Results from the NASA TLX Analysis

The Wilcoxon Signed-Rank Test showed that WITH-VR significantly increased Mental Demand (p = 0.002), Physical Demand (p = 0.002), Performance decline (p = 0.002), Effort (p < 0.001), and Frustration (p = 0.016). Temporal Demand (p = 0.058) was marginally significant. These results indicate that WITH-VR led to a higher perceived workload, requiring more cognitive and physical effort while reducing performance. The Mann-Whitney U Test found that controller type did not significantly impact most workload dimensions, except Physical Demand (p = 0.020) and Frustration (p = 0.009). Further analysis revealed that SBC was rated as more physically demanding (Mean Physical Demand: 43.75 vs. 29.25 for WBC), while WBC was rated as more frustrating (Mean Frustration: 41.75 vs. 23.25 for SBC). This suggests that while controller choice had minimal influence on other workload dimensions, SBC induced more physical strain, whereas WBC led to higher frustration levels.
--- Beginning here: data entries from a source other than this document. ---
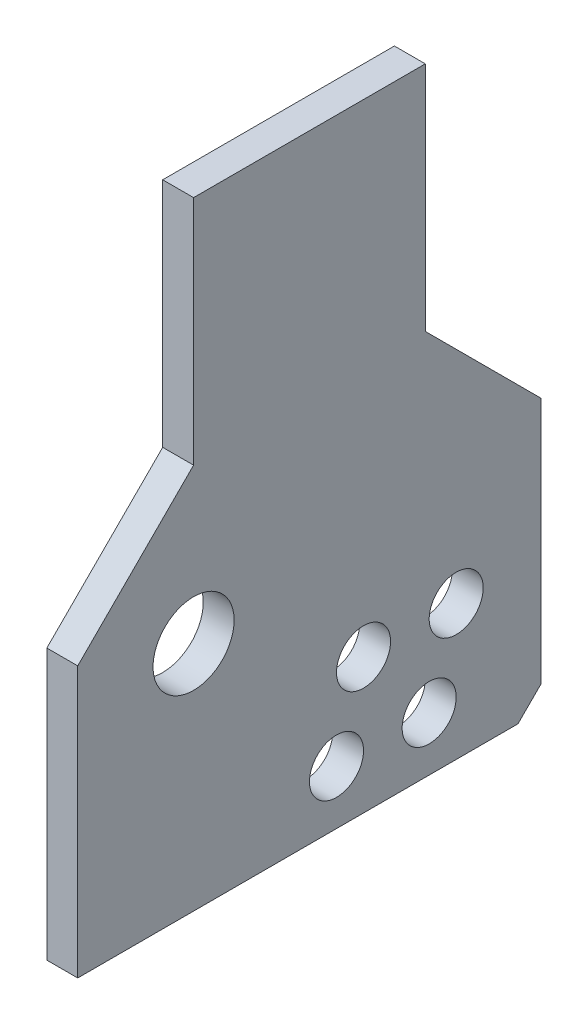
ISO-10303-21;
HEADER;
FILE_DESCRIPTION(('STEP AP214'),'2;1');
FILE_NAME('part.step','',(''),(''),'','','');
FILE_SCHEMA(('AUTOMOTIVE_DESIGN { 1 0 10303 214 1 1 1 1 }'));
ENDSEC;
DATA;
#1=APPLICATION_CONTEXT('core data for automotive mechanical design processes');
#2=APPLICATION_PROTOCOL_DEFINITION('international standard','automotive_design',2000,#1);
#3=PRODUCT_CONTEXT('',#1,'mechanical');
#4=PRODUCT('Part','Part','',(#3));
#5=PRODUCT_RELATED_PRODUCT_CATEGORY('part','',(#4));
#6=PRODUCT_DEFINITION_FORMATION('','',#4);
#7=PRODUCT_DEFINITION_CONTEXT('part definition',#1,'design');
#8=PRODUCT_DEFINITION('design','',#6,#7);
#9=PRODUCT_DEFINITION_SHAPE('','',#8);
#10=(LENGTH_UNIT() NAMED_UNIT(*) SI_UNIT(.MILLI.,.METRE.));
#11=(NAMED_UNIT(*) PLANE_ANGLE_UNIT() SI_UNIT($,.RADIAN.));
#12=(NAMED_UNIT(*) SI_UNIT($,.STERADIAN.) SOLID_ANGLE_UNIT());
#13=UNCERTAINTY_MEASURE_WITH_UNIT(LENGTH_MEASURE(1.E-05),#10,'distance_accuracy_value','');
#14=(GEOMETRIC_REPRESENTATION_CONTEXT(3) GLOBAL_UNCERTAINTY_ASSIGNED_CONTEXT((#13)) GLOBAL_UNIT_ASSIGNED_CONTEXT((#10,
#11,#12)) REPRESENTATION_CONTEXT('',''));
#15=CARTESIAN_POINT('',(0.,0.,0.));
#16=DIRECTION('',(0.,0.,1.));
#17=DIRECTION('',(1.,0.,0.));
#18=AXIS2_PLACEMENT_3D('',#15,#16,#17);
#19=CARTESIAN_POINT('',(9.00000000000005,0.,15.));
#20=DIRECTION('',(0.,0.,-1.));
#21=DIRECTION('',(-1.,0.,0.));
#22=AXIS2_PLACEMENT_3D('',#19,#20,#21);
#23=PLANE('',#22);
#24=DIRECTION('',(0.,-1.,0.));
#25=VECTOR('',#24,1.);
#26=CARTESIAN_POINT('',(5.00000000000005,0.,15.));
#27=LINE('',#26,#25);
#28=CARTESIAN_POINT('',(5.00000000000005,30.,15.));
#29=VERTEX_POINT('',#28);
#30=CARTESIAN_POINT('',(5.00000000000005,0.,15.));
#31=VERTEX_POINT('',#30);
#32=EDGE_CURVE('E142',#29,#31,#27,.T.);
#33=ORIENTED_EDGE('',*,*,#32,.T.);
#34=DIRECTION('',(-1.,0.,0.));
#35=VECTOR('',#34,1.);
#36=CARTESIAN_POINT('',(9.00000000000005,0.,15.));
#37=LINE('',#36,#35);
#38=CARTESIAN_POINT('',(9.00000000000005,0.,15.));
#39=VERTEX_POINT('',#38);
#40=EDGE_CURVE('E121',#39,#31,#37,.T.);
#41=ORIENTED_EDGE('',*,*,#40,.F.);
#42=DIRECTION('',(0.,-1.,0.));
#43=VECTOR('',#42,1.);
#44=CARTESIAN_POINT('',(9.00000000000005,0.,15.));
#45=LINE('',#44,#43);
#46=CARTESIAN_POINT('',(9.00000000000005,30.,15.));
#47=VERTEX_POINT('',#46);
#48=EDGE_CURVE('E129',#47,#39,#45,.T.);
#49=ORIENTED_EDGE('',*,*,#48,.F.);
#50=DIRECTION('',(-1.,0.,0.));
#51=VECTOR('',#50,1.);
#52=CARTESIAN_POINT('',(9.00000000000005,30.,15.));
#53=LINE('',#52,#51);
#54=EDGE_CURVE('E208',#47,#29,#53,.T.);
#55=ORIENTED_EDGE('',*,*,#54,.T.);
#56=EDGE_LOOP('',(#33,#41,#49,#55));
#57=FACE_BOUND('',#56,.T.);
#58=ADVANCED_FACE('F42',(#57),#23,.F.);
#59=CARTESIAN_POINT('',(9.0000000000001,-15.,30.));
#60=DIRECTION('',(0.,-0.707106781186548,-0.707106781186548));
#61=DIRECTION('',(0.,0.707106781186548,-0.707106781186548));
#62=AXIS2_PLACEMENT_3D('',#59,#60,#61);
#63=PLANE('',#62);
#64=DIRECTION('',(0.,-0.707106781186548,0.707106781186548));
#65=VECTOR('',#64,1.);
#66=CARTESIAN_POINT('',(5.0000000000001,-15.,30.));
#67=LINE('',#66,#65);
#68=CARTESIAN_POINT('',(5.0000000000001,-15.,30.));
#69=VERTEX_POINT('',#68);
#70=EDGE_CURVE('E183',#31,#69,#67,.T.);
#71=ORIENTED_EDGE('',*,*,#70,.T.);
#72=DIRECTION('',(-1.,0.,0.));
#73=VECTOR('',#72,1.);
#74=CARTESIAN_POINT('',(9.0000000000001,-15.,30.));
#75=LINE('',#74,#73);
#76=CARTESIAN_POINT('',(9.0000000000001,-15.,30.));
#77=VERTEX_POINT('',#76);
#78=EDGE_CURVE('E124',#77,#69,#75,.T.);
#79=ORIENTED_EDGE('',*,*,#78,.F.);
#80=DIRECTION('',(0.,-0.707106781186548,0.707106781186548));
#81=VECTOR('',#80,1.);
#82=CARTESIAN_POINT('',(9.0000000000001,-15.,30.));
#83=LINE('',#82,#81);
#84=EDGE_CURVE('E117',#39,#77,#83,.T.);
#85=ORIENTED_EDGE('',*,*,#84,.F.);
#86=ORIENTED_EDGE('',*,*,#40,.T.);
#87=EDGE_LOOP('',(#71,#79,#85,#86));
#88=FACE_BOUND('',#87,.T.);
#89=ADVANCED_FACE('F119',(#88),#63,.F.);
#90=CARTESIAN_POINT('',(9.0000000000001,-50.,30.));
#91=DIRECTION('',(0.,0.,-1.));
#92=DIRECTION('',(-1.,0.,0.));
#93=AXIS2_PLACEMENT_3D('',#90,#91,#92);
#94=PLANE('',#93);
#95=DIRECTION('',(0.,-1.,0.));
#96=VECTOR('',#95,1.);
#97=CARTESIAN_POINT('',(5.0000000000001,-50.,30.));
#98=LINE('',#97,#96);
#99=CARTESIAN_POINT('',(5.0000000000001,-50.,30.));
#100=VERTEX_POINT('',#99);
#101=EDGE_CURVE('E187',#69,#100,#98,.T.);
#102=ORIENTED_EDGE('',*,*,#101,.T.);
#103=DIRECTION('',(-1.,0.,0.));
#104=VECTOR('',#103,1.);
#105=CARTESIAN_POINT('',(9.0000000000001,-50.,30.));
#106=LINE('',#105,#104);
#107=CARTESIAN_POINT('',(9.0000000000001,-50.,30.));
#108=VERTEX_POINT('',#107);
#109=EDGE_CURVE('E151',#108,#100,#106,.T.);
#110=ORIENTED_EDGE('',*,*,#109,.F.);
#111=DIRECTION('',(0.,-1.,0.));
#112=VECTOR('',#111,1.);
#113=CARTESIAN_POINT('',(9.0000000000001,-50.,30.));
#114=LINE('',#113,#112);
#115=EDGE_CURVE('E128',#77,#108,#114,.T.);
#116=ORIENTED_EDGE('',*,*,#115,.F.);
#117=ORIENTED_EDGE('',*,*,#78,.T.);
#118=EDGE_LOOP('',(#102,#110,#116,#117));
#119=FACE_BOUND('',#118,.T.);
#120=ADVANCED_FACE('F232',(#119),#94,.F.);
#121=CARTESIAN_POINT('',(8.9999999999999,-50.,-30.0000000000001));
#122=DIRECTION('',(0.,1.,0.));
#123=DIRECTION('',(0.,0.,1.));
#124=AXIS2_PLACEMENT_3D('',#121,#122,#123);
#125=PLANE('',#124);
#126=DIRECTION('',(0.,0.,-1.));
#127=VECTOR('',#126,1.);
#128=CARTESIAN_POINT('',(4.9999999999999,-50.,-30.));
#129=LINE('',#128,#127);
#130=CARTESIAN_POINT('',(4.99999999999991,-50.,-27.));
#131=VERTEX_POINT('',#130);
#132=EDGE_CURVE('E194',#100,#131,#129,.T.);
#133=ORIENTED_EDGE('',*,*,#132,.T.);
#134=DIRECTION('',(1.,0.,0.));
#135=VECTOR('',#134,1.);
#136=CARTESIAN_POINT('',(8.99999999999991,-50.,-27.));
#137=LINE('',#136,#135);
#138=CARTESIAN_POINT('',(8.99999999999991,-50.,-27.));
#139=VERTEX_POINT('',#138);
#140=EDGE_CURVE('E53',#131,#139,#137,.T.);
#141=ORIENTED_EDGE('',*,*,#140,.T.);
#142=DIRECTION('',(0.,0.,-1.));
#143=VECTOR('',#142,1.);
#144=CARTESIAN_POINT('',(8.9999999999999,-50.,-30.0000000000001));
#145=LINE('',#144,#143);
#146=EDGE_CURVE('E228',#108,#139,#145,.T.);
#147=ORIENTED_EDGE('',*,*,#146,.F.);
#148=ORIENTED_EDGE('',*,*,#109,.T.);
#149=EDGE_LOOP('',(#133,#141,#147,#148));
#150=FACE_BOUND('',#149,.T.);
#151=ADVANCED_FACE('F227',(#150),#125,.F.);
#152=CARTESIAN_POINT('',(8.9999999999999,-15.,-30.0000000000001));
#153=DIRECTION('',(0.,0.,1.));
#154=DIRECTION('',(1.,0.,0.));
#155=AXIS2_PLACEMENT_3D('',#152,#153,#154);
#156=PLANE('',#155);
#157=DIRECTION('',(0.,1.,0.));
#158=VECTOR('',#157,1.);
#159=CARTESIAN_POINT('',(8.9999999999999,-15.,-30.0000000000001));
#160=LINE('',#159,#158);
#161=CARTESIAN_POINT('',(8.9999999999999,-47.,-30.0000000000001));
#162=VERTEX_POINT('',#161);
#163=CARTESIAN_POINT('',(8.9999999999999,-15.,-30.0000000000001));
#164=VERTEX_POINT('',#163);
#165=EDGE_CURVE('E236',#162,#164,#160,.T.);
#166=ORIENTED_EDGE('',*,*,#165,.F.);
#167=DIRECTION('',(-1.,0.,0.));
#168=VECTOR('',#167,1.);
#169=CARTESIAN_POINT('',(8.9999999999999,-47.,-30.0000000000001));
#170=LINE('',#169,#168);
#171=CARTESIAN_POINT('',(4.9999999999999,-47.,-30.0000000000001));
#172=VERTEX_POINT('',#171);
#173=EDGE_CURVE('E144',#162,#172,#170,.T.);
#174=ORIENTED_EDGE('',*,*,#173,.T.);
#175=DIRECTION('',(0.,1.,0.));
#176=VECTOR('',#175,1.);
#177=CARTESIAN_POINT('',(4.9999999999999,-15.,-30.));
#178=LINE('',#177,#176);
#179=CARTESIAN_POINT('',(4.9999999999999,-15.,-30.));
#180=VERTEX_POINT('',#179);
#181=EDGE_CURVE('E197',#172,#180,#178,.T.);
#182=ORIENTED_EDGE('',*,*,#181,.T.);
#183=DIRECTION('',(-1.,0.,0.));
#184=VECTOR('',#183,1.);
#185=CARTESIAN_POINT('',(8.9999999999999,-15.,-30.0000000000001));
#186=LINE('',#185,#184);
#187=EDGE_CURVE('E219',#164,#180,#186,.T.);
#188=ORIENTED_EDGE('',*,*,#187,.F.);
#189=EDGE_LOOP('',(#166,#174,#182,#188));
#190=FACE_BOUND('',#189,.T.);
#191=ADVANCED_FACE('F304',(#190),#156,.F.);
#192=CARTESIAN_POINT('',(8.99999999999995,0.,-15.));
#193=DIRECTION('',(0.,-0.707106781186548,0.707106781186548));
#194=DIRECTION('',(0.,-0.707106781186548,-0.707106781186548));
#195=AXIS2_PLACEMENT_3D('',#192,#193,#194);
#196=PLANE('',#195);
#197=DIRECTION('',(0.,0.707106781186548,0.707106781186548));
#198=VECTOR('',#197,1.);
#199=CARTESIAN_POINT('',(4.99999999999995,0.,-15.));
#200=LINE('',#199,#198);
#201=CARTESIAN_POINT('',(4.99999999999995,0.,-15.));
#202=VERTEX_POINT('',#201);
#203=EDGE_CURVE('E200',#180,#202,#200,.T.);
#204=ORIENTED_EDGE('',*,*,#203,.T.);
#205=DIRECTION('',(-1.,0.,0.));
#206=VECTOR('',#205,1.);
#207=CARTESIAN_POINT('',(8.99999999999995,0.,-15.));
#208=LINE('',#207,#206);
#209=CARTESIAN_POINT('',(8.99999999999995,0.,-15.));
#210=VERTEX_POINT('',#209);
#211=EDGE_CURVE('E215',#210,#202,#208,.T.);
#212=ORIENTED_EDGE('',*,*,#211,.F.);
#213=DIRECTION('',(0.,0.707106781186548,0.707106781186548));
#214=VECTOR('',#213,1.);
#215=CARTESIAN_POINT('',(8.99999999999995,0.,-15.));
#216=LINE('',#215,#214);
#217=EDGE_CURVE('E241',#164,#210,#216,.T.);
#218=ORIENTED_EDGE('',*,*,#217,.F.);
#219=ORIENTED_EDGE('',*,*,#187,.T.);
#220=EDGE_LOOP('',(#204,#212,#218,#219));
#221=FACE_BOUND('',#220,.T.);
#222=ADVANCED_FACE('F307',(#221),#196,.F.);
#223=CARTESIAN_POINT('',(8.99999999999995,30.,-15.));
#224=DIRECTION('',(0.,0.,1.));
#225=DIRECTION('',(1.,0.,0.));
#226=AXIS2_PLACEMENT_3D('',#223,#224,#225);
#227=PLANE('',#226);
#228=DIRECTION('',(0.,1.,0.));
#229=VECTOR('',#228,1.);
#230=CARTESIAN_POINT('',(4.99999999999995,30.,-15.));
#231=LINE('',#230,#229);
#232=CARTESIAN_POINT('',(4.99999999999995,30.,-15.));
#233=VERTEX_POINT('',#232);
#234=EDGE_CURVE('E203',#202,#233,#231,.T.);
#235=ORIENTED_EDGE('',*,*,#234,.T.);
#236=DIRECTION('',(-1.,0.,0.));
#237=VECTOR('',#236,1.);
#238=CARTESIAN_POINT('',(8.99999999999995,30.,-15.));
#239=LINE('',#238,#237);
#240=CARTESIAN_POINT('',(8.99999999999995,30.,-15.));
#241=VERTEX_POINT('',#240);
#242=EDGE_CURVE('E211',#241,#233,#239,.T.);
#243=ORIENTED_EDGE('',*,*,#242,.F.);
#244=DIRECTION('',(0.,1.,0.));
#245=VECTOR('',#244,1.);
#246=CARTESIAN_POINT('',(8.99999999999995,30.,-15.));
#247=LINE('',#246,#245);
#248=EDGE_CURVE('E243',#210,#241,#247,.T.);
#249=ORIENTED_EDGE('',*,*,#248,.F.);
#250=ORIENTED_EDGE('',*,*,#211,.T.);
#251=EDGE_LOOP('',(#235,#243,#249,#250));
#252=FACE_BOUND('',#251,.T.);
#253=ADVANCED_FACE('F288',(#252),#227,.F.);
#254=CARTESIAN_POINT('',(9.00000000000005,30.,15.));
#255=DIRECTION('',(0.,-1.,0.));
#256=DIRECTION('',(0.,0.,-1.));
#257=AXIS2_PLACEMENT_3D('',#254,#255,#256);
#258=PLANE('',#257);
#259=DIRECTION('',(0.,0.,1.));
#260=VECTOR('',#259,1.);
#261=CARTESIAN_POINT('',(5.00000000000005,30.,15.));
#262=LINE('',#261,#260);
#263=EDGE_CURVE('E139',#233,#29,#262,.T.);
#264=ORIENTED_EDGE('',*,*,#263,.T.);
#265=ORIENTED_EDGE('',*,*,#54,.F.);
#266=DIRECTION('',(0.,0.,1.));
#267=VECTOR('',#266,1.);
#268=CARTESIAN_POINT('',(9.00000000000005,30.,15.));
#269=LINE('',#268,#267);
#270=EDGE_CURVE('E134',#241,#47,#269,.T.);
#271=ORIENTED_EDGE('',*,*,#270,.F.);
#272=ORIENTED_EDGE('',*,*,#242,.T.);
#273=EDGE_LOOP('',(#264,#265,#271,#272));
#274=FACE_BOUND('',#273,.T.);
#275=ADVANCED_FACE('F279',(#274),#258,.F.);
#276=CARTESIAN_POINT('',(9.,0.,0.));
#277=DIRECTION('',(-1.,0.,0.));
#278=DIRECTION('',(0.,0.,1.));
#279=AXIS2_PLACEMENT_3D('',#276,#277,#278);
#280=PLANE('',#279);
#281=CARTESIAN_POINT('',(9.00000000000005,-20.,15.0000000000005));
#282=DIRECTION('',(1.,0.,0.));
#283=DIRECTION('',(0.,0.,-1.));
#284=AXIS2_PLACEMENT_3D('',#281,#282,#283);
#285=CIRCLE('',#284,5.25);
#286=CARTESIAN_POINT('',(9.00000000000003,-20.,9.75000000000046));
#287=VERTEX_POINT('',#286);
#288=EDGE_CURVE('E164',#287,#287,#285,.T.);
#289=ORIENTED_EDGE('',*,*,#288,.F.);
#290=EDGE_LOOP('',(#289));
#291=FACE_BOUND('',#290,.T.);
#292=CARTESIAN_POINT('',(8.99999999999999,-43.,-3.49999999999938));
#293=DIRECTION('',(1.,0.,0.));
#294=DIRECTION('',(0.,0.,-1.));
#295=AXIS2_PLACEMENT_3D('',#292,#293,#294);
#296=CIRCLE('',#295,3.49999999999996);
#297=CARTESIAN_POINT('',(8.99999999999998,-43.,-6.99999999999934));
#298=VERTEX_POINT('',#297);
#299=EDGE_CURVE('E254',#298,#298,#296,.T.);
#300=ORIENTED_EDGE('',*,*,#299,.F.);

Interpretation and Conclusions

Visualization modality had the strongest impact on workload perception, with WITH-VR being more demanding and frustrating than NO-VR. This suggests that VR tasks require greater cognitive and physical effort. The controller effect was less evident, affecting only Physical Demand and Frustration, hinting at usability differences between controllers.